Take each line of the data that contains the string "ThreePointArc" and copy it.

+ + + + +

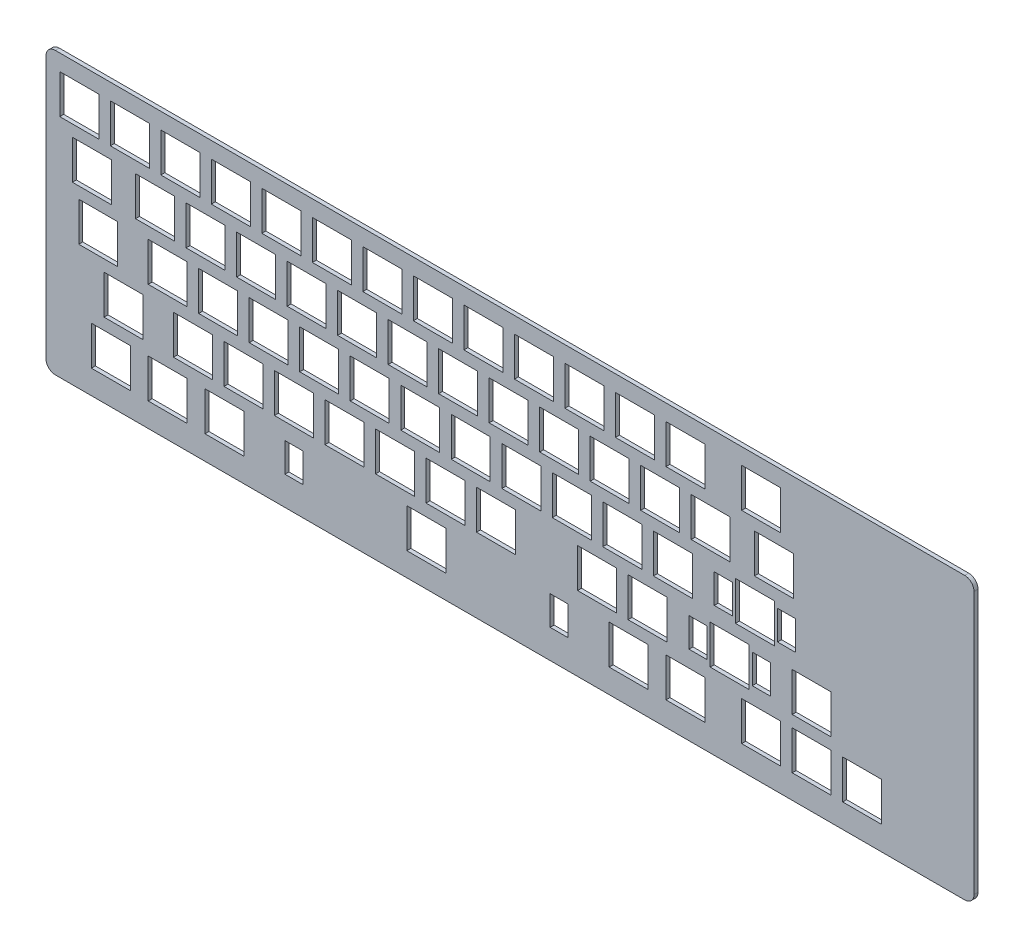
from build123d import *

# Parameters (mm, degrees)
BOSS_EXTRUDE1_DEPTH = 1.5
KEYHOLES_W          = 14.69983419
KEYHOLES_H          = 14.700290435
KEYHOLES_W_2        = 6.8
KEYHOLES_H_2        = 11
CUT_EXTRUDE2_DEPTH  = 3.6


with BuildPart() as part:
    # plate → Boss-Extrude1 (new body)
    with BuildSketch(Plane.XY.offset(5.092519685)):
        with BuildLine():
            Line((33.52, -25.21), (376.52, -25.21))
            ThreePointArc((376.52, -25.21), (378.994873734, -26.235126266), (380.02, -28.71))
            Line((380.02, -28.71), (380.02, -127.71))
            ThreePointArc((380.02, -127.71), (378.994873734, -130.184873734), (376.52, -131.21))
            Line((376.52, -131.21), (33.52, -131.21))
            ThreePointArc((33.52, -131.21), (31.045126266, -130.184873734), (30.02, -127.71))
            Line((30.02, -127.71), (30.02, -28.71))
            ThreePointArc((30.02, -28.71), (31.045126266, -26.235126266), (33.52, -25.21))
        make_face()
    extrude(amount=-BOSS_EXTRUDE1_DEPTH)

    # keyholes → Cut-Extrude2 (cut)
    with BuildSketch(Plane.XY.offset(5.092519685)):
        with Locations((42.577901806, -38.662141019)):
            Rectangle(KEYHOLES_W, KEYHOLES_H)
        with Locations((61.627901806, -38.662141019)):
            Rectangle(KEYHOLES_W, KEYHOLES_H)
        with Locations((80.677901806, -38.662141019)):
            Rectangle(KEYHOLES_W, KEYHOLES_H)
        with Locations((99.727901806, -38.662141019)):
            Rectangle(KEYHOLES_W, KEYHOLES_H)
        with Locations((118.777901806, -38.662141019)):
            Rectangle(KEYHOLES_W, KEYHOLES_H)
        with Locations((137.827901806, -38.662141019)):
            Rectangle(KEYHOLES_W, KEYHOLES_H)
        with Locations((156.877901806, -38.662141019)):
            Rectangle(KEYHOLES_W, KEYHOLES_H)
        with Locations((175.927901806, -38.662141019)):
            Rectangle(KEYHOLES_W, KEYHOLES_H)
        with Locations((194.977901806, -38.662141019)):
            Rectangle(KEYHOLES_W, KEYHOLES_H)
        with Locations((214.027901806, -38.662141019)):
            Rectangle(KEYHOLES_W, KEYHOLES_H)
        with Locations((233.077901806, -38.662141019)):
            Rectangle(KEYHOLES_W, KEYHOLES_H)
        with Locations((252.127901806, -38.662141019)):
            Rectangle(KEYHOLES_W, KEYHOLES_H)
        with Locations((299.752901806, -38.662141019)):
            Rectangle(KEYHOLES_W, KEYHOLES_H)
        with Locations((47.340401806, -57.712141019)):
            Rectangle(KEYHOLES_W, KEYHOLES_H)
        with Locations((71.152901806, -57.712141019)):
            Rectangle(KEYHOLES_W, KEYHOLES_H)
        with Locations((90.202901806, -57.712141019)):
            Rectangle(KEYHOLES_W, KEYHOLES_H)
        with Locations((109.252901806, -57.712141019)):
            Rectangle(KEYHOLES_W, KEYHOLES_H)
        with Locations((147.352901806, -57.712141019)):
            Rectangle(KEYHOLES_W, KEYHOLES_H)
        with Locations((166.402901806, -57.712141019)):
            Rectangle(KEYHOLES_W, KEYHOLES_H)
        with Locations((185.452901806, -57.712141019)):
            Rectangle(KEYHOLES_W, KEYHOLES_H)
        with Locations((114.015401806, -76.762141019)):
            Rectangle(KEYHOLES_W, KEYHOLES_H)
        with Locations((133.065401806, -76.762141019)):
            Rectangle(KEYHOLES_W, KEYHOLES_H)
        with Locations((152.115401806, -76.762141019)):
            Rectangle(KEYHOLES_W, KEYHOLES_H)
        with Locations((171.165401806, -76.762141019)):
            Rectangle(KEYHOLES_W, KEYHOLES_H)
        with Locations((190.215401806, -76.762141019)):
            Rectangle(KEYHOLES_W, KEYHOLES_H)
        with Locations((49.721651806, -76.762141019)):
            Rectangle(KEYHOLES_W, KEYHOLES_H)
        with Locations((75.915401806, -76.762141019)):
            Rectangle(KEYHOLES_W, KEYHOLES_H)
        with Locations((94.965401806, -76.762141019)):
            Rectangle(KEYHOLES_W, KEYHOLES_H)
        with Locations((204.502901806, -57.712141019)):
            Rectangle(KEYHOLES_W, KEYHOLES_H)
        with Locations((209.265401806, -76.762141019)):
            Rectangle(KEYHOLES_W, KEYHOLES_H)
        with Locations((223.552901806, -57.712141019)):
            Rectangle(KEYHOLES_W, KEYHOLES_H)
        with Locations((228.315401806, -76.762141019)):
            Rectangle(KEYHOLES_W, KEYHOLES_H)
        with Locations((242.602901806, -57.712141019)):
            Rectangle(KEYHOLES_W, KEYHOLES_H)
        with Locations((261.652901806, -57.712141019)):
            Rectangle(KEYHOLES_W, KEYHOLES_H)
        with Locations((247.365401806, -76.762141019)):
            Rectangle(KEYHOLES_W, KEYHOLES_H)
        with Locations((266.415401806, -76.762141019)):
            Rectangle(KEYHOLES_W, KEYHOLES_H)
        with Locations((280.702901806, -57.712141019)):
            Rectangle(KEYHOLES_W, KEYHOLES_H)
        with Locations((304.515401806, -57.712141019)):
            Rectangle(KEYHOLES_W, KEYHOLES_H)
        with Locations((297.371651806, -76.762141019)):
            Rectangle(KEYHOLES_W, KEYHOLES_H)
        with Locations((285.43875, -76.755)):
            Rectangle(KEYHOLES_W_2, KEYHOLES_H_2)
        with Locations((309.31875, -76.755)):
            Rectangle(KEYHOLES_W_2, KEYHOLES_H_2)
        with Locations((337.852901806, -114.862141019)):
            Rectangle(KEYHOLES_W, KEYHOLES_H)
        with Locations((318.802901806, -114.862141019)):
            Rectangle(KEYHOLES_W, KEYHOLES_H)
        with Locations((299.752901806, -114.862141019)):
            Rectangle(KEYHOLES_W, KEYHOLES_H)
        with Locations((318.802901806, -95.812141019)):
            Rectangle(KEYHOLES_W, KEYHOLES_H)
        with Locations((287.846651806, -95.812141019)):
            Rectangle(KEYHOLES_W, KEYHOLES_H)
        with Locations((299.79375, -95.805)):
            Rectangle(KEYHOLES_W_2, KEYHOLES_H_2)
        with Locations((275.91375, -95.805)):
            Rectangle(KEYHOLES_W_2, KEYHOLES_H_2)
        with Locations((271.177901806, -114.862141019)):
            Rectangle(KEYHOLES_W, KEYHOLES_H)
        with Locations((249.746651806, -114.862141019)):
            Rectangle(KEYHOLES_W, KEYHOLES_H)
        with Locations((256.890401806, -95.812141019)):
            Rectangle(KEYHOLES_W, KEYHOLES_H)
        with Locations((237.840401806, -95.812141019)):
            Rectangle(KEYHOLES_W, KEYHOLES_H)
        with Locations((223.55375, -114.855)):
            Rectangle(KEYHOLES_W_2, KEYHOLES_H_2)
        with Locations((199.740401806, -95.812141019)):
            Rectangle(KEYHOLES_W, KEYHOLES_H)
        with Locations((173.446651806, -114.987141019)):
            Rectangle(KEYHOLES_W, KEYHOLES_H)
        with Locations((180.690401806, -95.812141019)):
            Rectangle(KEYHOLES_W, KEYHOLES_H)
        with Locations((161.640401806, -95.812141019)):
            Rectangle(KEYHOLES_W, KEYHOLES_H)
        with Locations((123.55375, -114.855)):
            Rectangle(KEYHOLES_W_2, KEYHOLES_H_2)
        with Locations((142.590401806, -95.812141019)):
            Rectangle(KEYHOLES_W, KEYHOLES_H)
        with Locations((123.540401806, -95.812141019)):
            Rectangle(KEYHOLES_W, KEYHOLES_H)
        with Locations((104.490401806, -95.812141019)):
            Rectangle(KEYHOLES_W, KEYHOLES_H)
        with Locations((97.346651806, -114.862141019)):
            Rectangle(KEYHOLES_W, KEYHOLES_H)
        with Locations((85.440401806, -95.812141019)):
            Rectangle(KEYHOLES_W, KEYHOLES_H)
        with Locations((75.915401806, -114.862141019)):
            Rectangle(KEYHOLES_W, KEYHOLES_H)
        with Locations((54.484151806, -114.862141019)):
            Rectangle(KEYHOLES_W, KEYHOLES_H)
        with Locations((59.246651806, -95.812141019)):
            Rectangle(KEYHOLES_W, KEYHOLES_H)
        with Locations((271.177901806, -38.662141019)):
            Rectangle(KEYHOLES_W, KEYHOLES_H)
        with Locations((128.302901806, -57.712141019)):
            Rectangle(KEYHOLES_W, KEYHOLES_H)
    extrude(amount=-CUT_EXTRUDE2_DEPTH, mode=Mode.SUBTRACT)


solid = part.part

+ + + + +

◆ Result ◆
            ThreePointArc((376.52, -25.21), (378.994873734, -26.235126266), (380.02, -28.71))
            ThreePointArc((380.02, -127.71), (378.994873734, -130.184873734), (376.52, -131.21))
            ThreePointArc((33.52, -131.21), (31.045126266, -130.184873734), (30.02, -127.71))
            ThreePointArc((30.02, -28.71), (31.045126266, -26.235126266), (33.52, -25.21))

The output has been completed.